By the Editorial Board

In a photo posted to Facebook, the Blaine County Sheriff’s Office warned travelers of Sunday closures on Idaho 75 following a crash involving three motorcycles.
In a photo posted to Facebook, the Blaine County Sheriff’s Office warned travelers of Sunday closures on Idaho 75 following a crash involving three motorcycles. Blaine County Sheriff’s Office via Facebook

Idaho requires all drivers and passengers in a car to buckle their seat belts. Our state requires children under 18 to wear a helmet when on a motorcycle. We mandate that all ATV users 16 and under wear a helmet.

But adult motorcycle riders get to put themselves and society at risk by not wearing helmets. And the rest of us pay the price.

Idaho needs to change that, by passing a law requiring all riders to wear a helmet. And Idaho will need a legislative champion willing to push a bill in the face of what will be tough opposition from passionate motorcyclists.

The period between Memorial and Labor days is often called the 100 deadliest days, and Idaho is proving that this year. Idaho has seen 15 motorcycle fatalities since Memorial Day.

On average, almost half of the serious motorcycle accidents are in summer. But helmetless riders are at risk year-round. Between 2011 and 2015, Idaho saw 118 motorcycle fatalities; just over half of those people were not wearing helmets. A little over half of those accidents involved only a motorcycle, not a car or a truck as a factor in the fatality.

There’s a debate to be had over the proper role of government in telling adults how to live their lives. But there’s little debate over the effectiveness of helmets, and the arguments are similar to those about seat belts, which we’ve required since 1986. No, they don’t save all lives in all crashes. The rider who died in last Sunday’s crash at Galena summit that involved five riders and three bikes was wearing her helmet.

But this summer’s rash of accidents and fatalities has to prompt Idaho to take a new look at its law. The Insurance Institute for Highway Safety, the Centers for Disease Control and the National Highway Traffic Safety Administration say that helmets work: They reduce the chance of death by 37 percent and the risk of head injury by 69 percent. And while helmet laws were widespread in the 1970s, today just 19 states mandate use by all riders (that’s 28 states if, like Idaho, young riders are included).
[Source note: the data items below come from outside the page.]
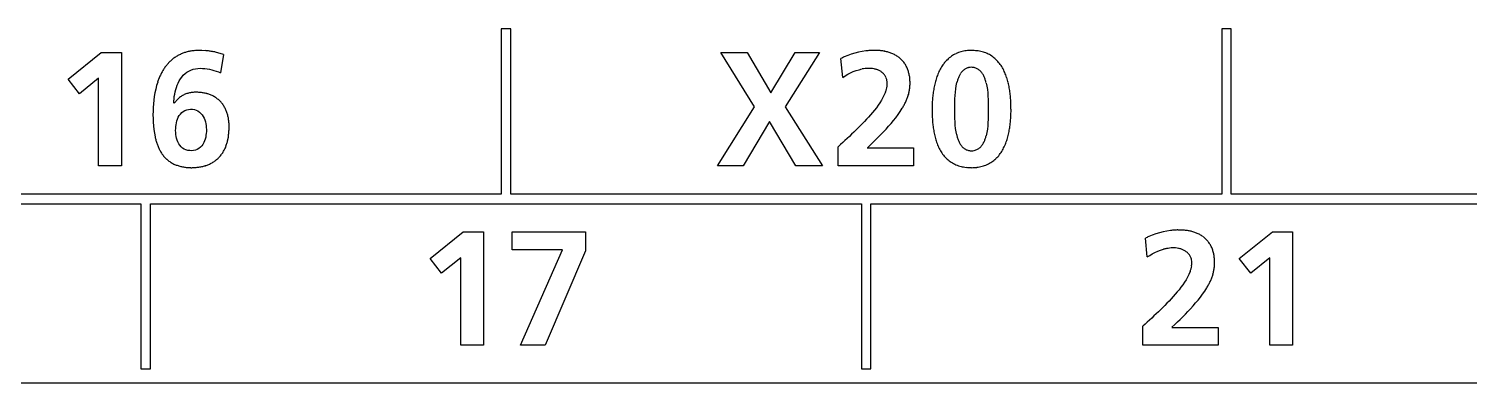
# Model space of a CAD drawing. Extents: x 168 to 388, y 259 to 356.
# Drawn here: x 300.67 to 315.9, y 333.77 to 337.52 of the extents above; entities that cross this region are included whole.
import ezdxf

# ---------------------------------------------------------------- set-up
doc = ezdxf.new("R2010")
doc.units = 0
doc.header["$MEASUREMENT"] = 0
doc.layers.get('0').update_dxf_attribs({"linetype": 'CONTINUOUS'})

msp = doc.modelspace()

# ---------------------------------------------------------------- linework, layer by layer
at = {"color": 7, "linetype": 'Continuous'}
for p, q in [((305.764, 337.518), (305.665, 337.518)), ((305.665, 337.518), (305.665, 335.767)), ((305.764, 335.767), (305.764, 337.518)), ((313.384, 337.518), (313.284, 337.518)), ((313.284, 337.518), (313.284, 335.767)), ((313.384, 335.767), (313.384, 337.518)), ((301.083, 336.986), (301.434, 337.268)), ((301.434, 337.268), (301.647, 337.268)), ((301.647, 337.268), (301.647, 336.069)), ((302.538, 337.286), (302.499, 337.288)), ((302.691, 337.257), (302.654, 337.267)), ((302.726, 337.246), (302.691, 337.257)), ((302.726, 337.246), (302.696, 337.052)), ((307.986, 337.268), (308.264, 337.268)), ((308.343, 336.693), (307.986, 337.268)), ((308.264, 337.268), (308.515, 336.84)), ((308.515, 336.84), (308.771, 337.268)), ((309.028, 337.268), (308.668, 336.693)), ((308.771, 337.268), (309.028, 337.268)), ((309.328, 337.235), (309.292, 337.22)), ((309.366, 337.248), (309.328, 337.235)), ((309.404, 337.26), (309.366, 337.248)), ((309.443, 337.27), (309.404, 337.26)), ((309.482, 337.277), (309.443, 337.27)), ((309.521, 337.283), (309.482, 337.277)), ((302.361, 337.07), (302.383, 337.081)), ((302.383, 337.081), (302.407, 337.089)), ((302.407, 337.089), (302.431, 337.095)), ((302.431, 337.095), (302.455, 337.098)), ((302.455, 337.098), (302.48, 337.1)), ((302.48, 337.1), (302.504, 337.099)), ((302.504, 337.099), (302.529, 337.098)), ((302.529, 337.098), (302.554, 337.095)), ((302.554, 337.095), (302.578, 337.09)), ((302.578, 337.09), (302.602, 337.085)), ((302.602, 337.085), (302.626, 337.078)), ((302.626, 337.078), (302.65, 337.07)), ((309.275, 337.004), (309.256, 337.203)), ((309.387, 337.064), (309.417, 337.076)), ((309.417, 337.076), (309.448, 337.085)), ((309.448, 337.085), (309.479, 337.093)), ((301.203, 336.83), (301.083, 336.986)), ((301.406, 336.995), (301.203, 336.83)), ((301.406, 336.069), (301.406, 336.995)), ((302.031, 336.953), (302.019, 336.916)), ((302.238, 336.921), (302.248, 336.944)), ((302.248, 336.944), (302.259, 336.966)), ((302.259, 336.966), (302.272, 336.987)), ((302.272, 336.987), (302.286, 337.007)), ((302.286, 337.007), (302.302, 337.026)), ((302.302, 337.026), (302.32, 337.043)), ((302.32, 337.043), (302.34, 337.058)), ((302.34, 337.058), (302.361, 337.07)), ((302.65, 337.07), (302.673, 337.061)), ((302.673, 337.061), (302.696, 337.052)), ((309.275, 337.004), (309.302, 337.021)), ((309.302, 337.021), (309.33, 337.036)), ((309.33, 337.036), (309.358, 337.051)), ((309.358, 337.051), (309.387, 337.064)), ((310.476, 336.915), (310.483, 336.949)), ((310.792, 336.944), (310.799, 336.91)), ((301.995, 336.802), (301.99, 336.763)), ((302.002, 336.841), (301.995, 336.802)), ((302.01, 336.879), (302.002, 336.841)), ((302.019, 336.916), (302.01, 336.879)), ((302.202, 336.753), (302.204, 336.777)), ((302.204, 336.777), (302.207, 336.802)), ((302.207, 336.802), (302.211, 336.826)), ((302.211, 336.826), (302.216, 336.851)), ((302.216, 336.851), (302.222, 336.874)), ((302.222, 336.874), (302.229, 336.898)), ((302.229, 336.898), (302.238, 336.921)), ((309.701, 336.79), (309.685, 336.762)), ((309.715, 336.819), (309.701, 336.79)), ((309.728, 336.848), (309.715, 336.819)), ((310.461, 336.742), (310.462, 336.777)), ((310.462, 336.777), (310.464, 336.812)), ((310.464, 336.812), (310.467, 336.846)), ((310.467, 336.846), (310.471, 336.881)), ((310.471, 336.881), (310.476, 336.915)), ((310.799, 336.91), (310.805, 336.875)), ((310.805, 336.875), (310.808, 336.841)), ((310.808, 336.841), (310.811, 336.806)), ((310.811, 336.806), (310.813, 336.771)), ((310.813, 336.771), (310.814, 336.735)), ((301.982, 336.646), (301.981, 336.607)), ((301.983, 336.685), (301.982, 336.646)), ((301.986, 336.724), (301.983, 336.685)), ((301.99, 336.763), (301.986, 336.724)), ((302.201, 336.729), (302.202, 336.753)), ((302.271, 336.616), (302.285, 336.631)), ((302.285, 336.631), (302.301, 336.644)), ((302.301, 336.644), (302.319, 336.654)), ((302.319, 336.654), (302.338, 336.661)), ((302.338, 336.661), (302.358, 336.665)), ((302.358, 336.665), (302.378, 336.667)), ((302.378, 336.667), (302.399, 336.666)), ((302.399, 336.666), (302.419, 336.663)), ((302.419, 336.663), (302.438, 336.657)), ((302.438, 336.657), (302.457, 336.648)), ((302.457, 336.648), (302.474, 336.637)), ((302.474, 336.637), (302.489, 336.623)), ((302.489, 336.623), (302.502, 336.607)), ((307.95, 336.069), (308.343, 336.693)), ((308.668, 336.693), (309.061, 336.069)), ((309.591, 336.633), (309.57, 336.608)), ((309.611, 336.658), (309.591, 336.633)), ((309.631, 336.683), (309.611, 336.658)), ((309.65, 336.709), (309.631, 336.683)), ((309.668, 336.735), (309.65, 336.709)), ((309.685, 336.762), (309.668, 336.735)), ((309.86, 336.609), (309.883, 336.642)), ((309.883, 336.642), (309.904, 336.676)), ((310.46, 336.672), (310.461, 336.707)), ((310.46, 336.637), (310.46, 336.672)), ((310.461, 336.602), (310.46, 336.637)), ((310.461, 336.707), (310.461, 336.742)), ((310.814, 336.735), (310.814, 336.7)), ((310.814, 336.7), (310.814, 336.665)), ((310.814, 336.665), (310.814, 336.629)), ((310.814, 336.629), (310.814, 336.594)), ((301.981, 336.607), (301.982, 336.568)), ((301.982, 336.568), (301.983, 336.529)), ((301.983, 336.529), (301.986, 336.49)), ((301.986, 336.49), (301.99, 336.451)), ((302.222, 336.461), (302.223, 336.482)), ((302.223, 336.482), (302.226, 336.502)), ((302.226, 336.502), (302.229, 336.522)), ((302.229, 336.522), (302.234, 336.542)), ((302.234, 336.542), (302.241, 336.563)), ((302.241, 336.563), (302.249, 336.581)), ((302.249, 336.581), (302.258, 336.599)), ((302.258, 336.599), (302.271, 336.616)), ((302.502, 336.607), (302.513, 336.59)), ((302.513, 336.59), (302.522, 336.572)), ((302.522, 336.572), (302.529, 336.553)), ((302.529, 336.553), (302.535, 336.533)), ((302.535, 336.533), (302.54, 336.513)), ((302.54, 336.513), (302.543, 336.493)), ((302.543, 336.493), (302.545, 336.473)), ((302.545, 336.473), (302.546, 336.452)), ((308.501, 336.537), (308.221, 336.069)), ((308.778, 336.069), (308.501, 336.537)), ((309.438, 336.468), (309.415, 336.446)), ((309.461, 336.491), (309.438, 336.468)), ((309.483, 336.514), (309.461, 336.491)), ((309.505, 336.537), (309.483, 336.514)), ((309.527, 336.56), (309.505, 336.537)), ((309.549, 336.584), (309.527, 336.56)), ((309.57, 336.608), (309.549, 336.584)), ((309.733, 336.457), (309.76, 336.486)), ((309.76, 336.486), (309.786, 336.516)), ((309.786, 336.516), (309.812, 336.546)), ((309.812, 336.546), (309.837, 336.577)), ((309.837, 336.577), (309.86, 336.609)), ((310.461, 336.567), (310.461, 336.602)), ((310.463, 336.532), (310.461, 336.567)), ((310.465, 336.497), (310.463, 336.532)), ((310.469, 336.463), (310.465, 336.497)), ((310.809, 336.49), (310.805, 336.455)), ((310.811, 336.525), (310.809, 336.49)), ((310.813, 336.559), (310.811, 336.525)), ((310.814, 336.594), (310.813, 336.559)), ((301.99, 336.451), (301.996, 336.413)), ((301.996, 336.413), (302.003, 336.374)), ((302.221, 336.44), (302.222, 336.461)), ((302.222, 336.42), (302.221, 336.44)), ((302.224, 336.399), (302.222, 336.42)), ((302.227, 336.379), (302.224, 336.399)), ((302.231, 336.359), (302.227, 336.379)), ((302.237, 336.339), (302.231, 336.359)), ((302.244, 336.32), (302.237, 336.339)), ((302.253, 336.302), (302.244, 336.32)), ((302.527, 336.331), (302.519, 336.313)), ((302.534, 336.351), (302.527, 336.331)), ((302.539, 336.371), (302.534, 336.351)), ((302.542, 336.391), (302.539, 336.371)), ((302.545, 336.411), (302.542, 336.391)), ((302.546, 336.432), (302.545, 336.411)), ((302.546, 336.452), (302.546, 336.432)), ((309.275, 336.314), (309.251, 336.292)), ((309.299, 336.336), (309.275, 336.314)), ((309.322, 336.358), (309.299, 336.336)), ((309.346, 336.379), (309.322, 336.358)), ((309.369, 336.401), (309.346, 336.379)), ((309.392, 336.423), (309.369, 336.401)), ((309.415, 336.446), (309.392, 336.423)), ((309.565, 336.287), (309.593, 336.315)), ((309.593, 336.315), (309.622, 336.343)), ((309.622, 336.343), (309.65, 336.371)), ((309.65, 336.371), (309.678, 336.399)), ((309.678, 336.399), (309.706, 336.428)), ((309.706, 336.428), (309.733, 336.457)), ((310.474, 336.429), (310.469, 336.463)), ((310.481, 336.394), (310.474, 336.429)), ((310.799, 336.42), (310.792, 336.386)), ((310.805, 336.455), (310.799, 336.42)), ((302.265, 336.285), (302.253, 336.302)), ((302.278, 336.27), (302.265, 336.285)), ((302.294, 336.256), (302.278, 336.27)), ((302.311, 336.245), (302.294, 336.256)), ((302.33, 336.237), (302.311, 336.245)), ((302.349, 336.231), (302.33, 336.237)), ((302.37, 336.228), (302.349, 336.231)), ((302.39, 336.227), (302.37, 336.228)), ((302.41, 336.229), (302.39, 336.227)), ((302.43, 336.233), (302.41, 336.229)), ((302.45, 336.241), (302.43, 336.233)), ((302.467, 336.251), (302.45, 336.241)), ((302.483, 336.264), (302.467, 336.251)), ((302.497, 336.279), (302.483, 336.264)), ((302.509, 336.295), (302.497, 336.279)), ((302.519, 336.313), (302.509, 336.295)), ((309.251, 336.292), (309.228, 336.27)), ((309.228, 336.069), (309.228, 336.27)), ((309.535, 336.258), (310.025, 336.258)), ((309.536, 336.259), (309.565, 336.287)), ((310.025, 336.258), (310.025, 336.069)), ((301.647, 336.069), (301.406, 336.069)), ((308.221, 336.069), (307.95, 336.069)), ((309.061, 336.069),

Motorcycle advocates have been effective in making this an issue about freedom and government overreach, rolling back helmet laws across the country. Idaho pared back its laws to cover just children in 1978.

We understand the independence that motorcyclists seek. We understand that freedom-minded riders bristle at the heavy hand of government. We understand they are adults who don’t want to be told how to ride.

We also understand that helmets don’t prevent accidents, don’t prevent all brain injuries and don’t save riders from internal and other injuries.

But the small loss of freedom they represent is outweighed by the large benefit to riders involved in crashes, the families they love and support, and the larger society that can end up with the burden of caring and paying for victims and injuries. If a death involves a breadwinner, society can have to pick up the cost for public assistance and other safety-net benefits.

The CDC estimates that helmets saved 1,722 lives in 2015 alone, and would have saved another 740 riders if all motorcyclists had been wearing helmets. The estimated loss to crashes with helmetless riders totals $1 billion a year, the National Center for Statistics and Analysis found in 2015.

We’re all for preserving freedoms for adults when those freedoms don’t impinge on others. But the costs of these preventable injuries is a cost to all of society.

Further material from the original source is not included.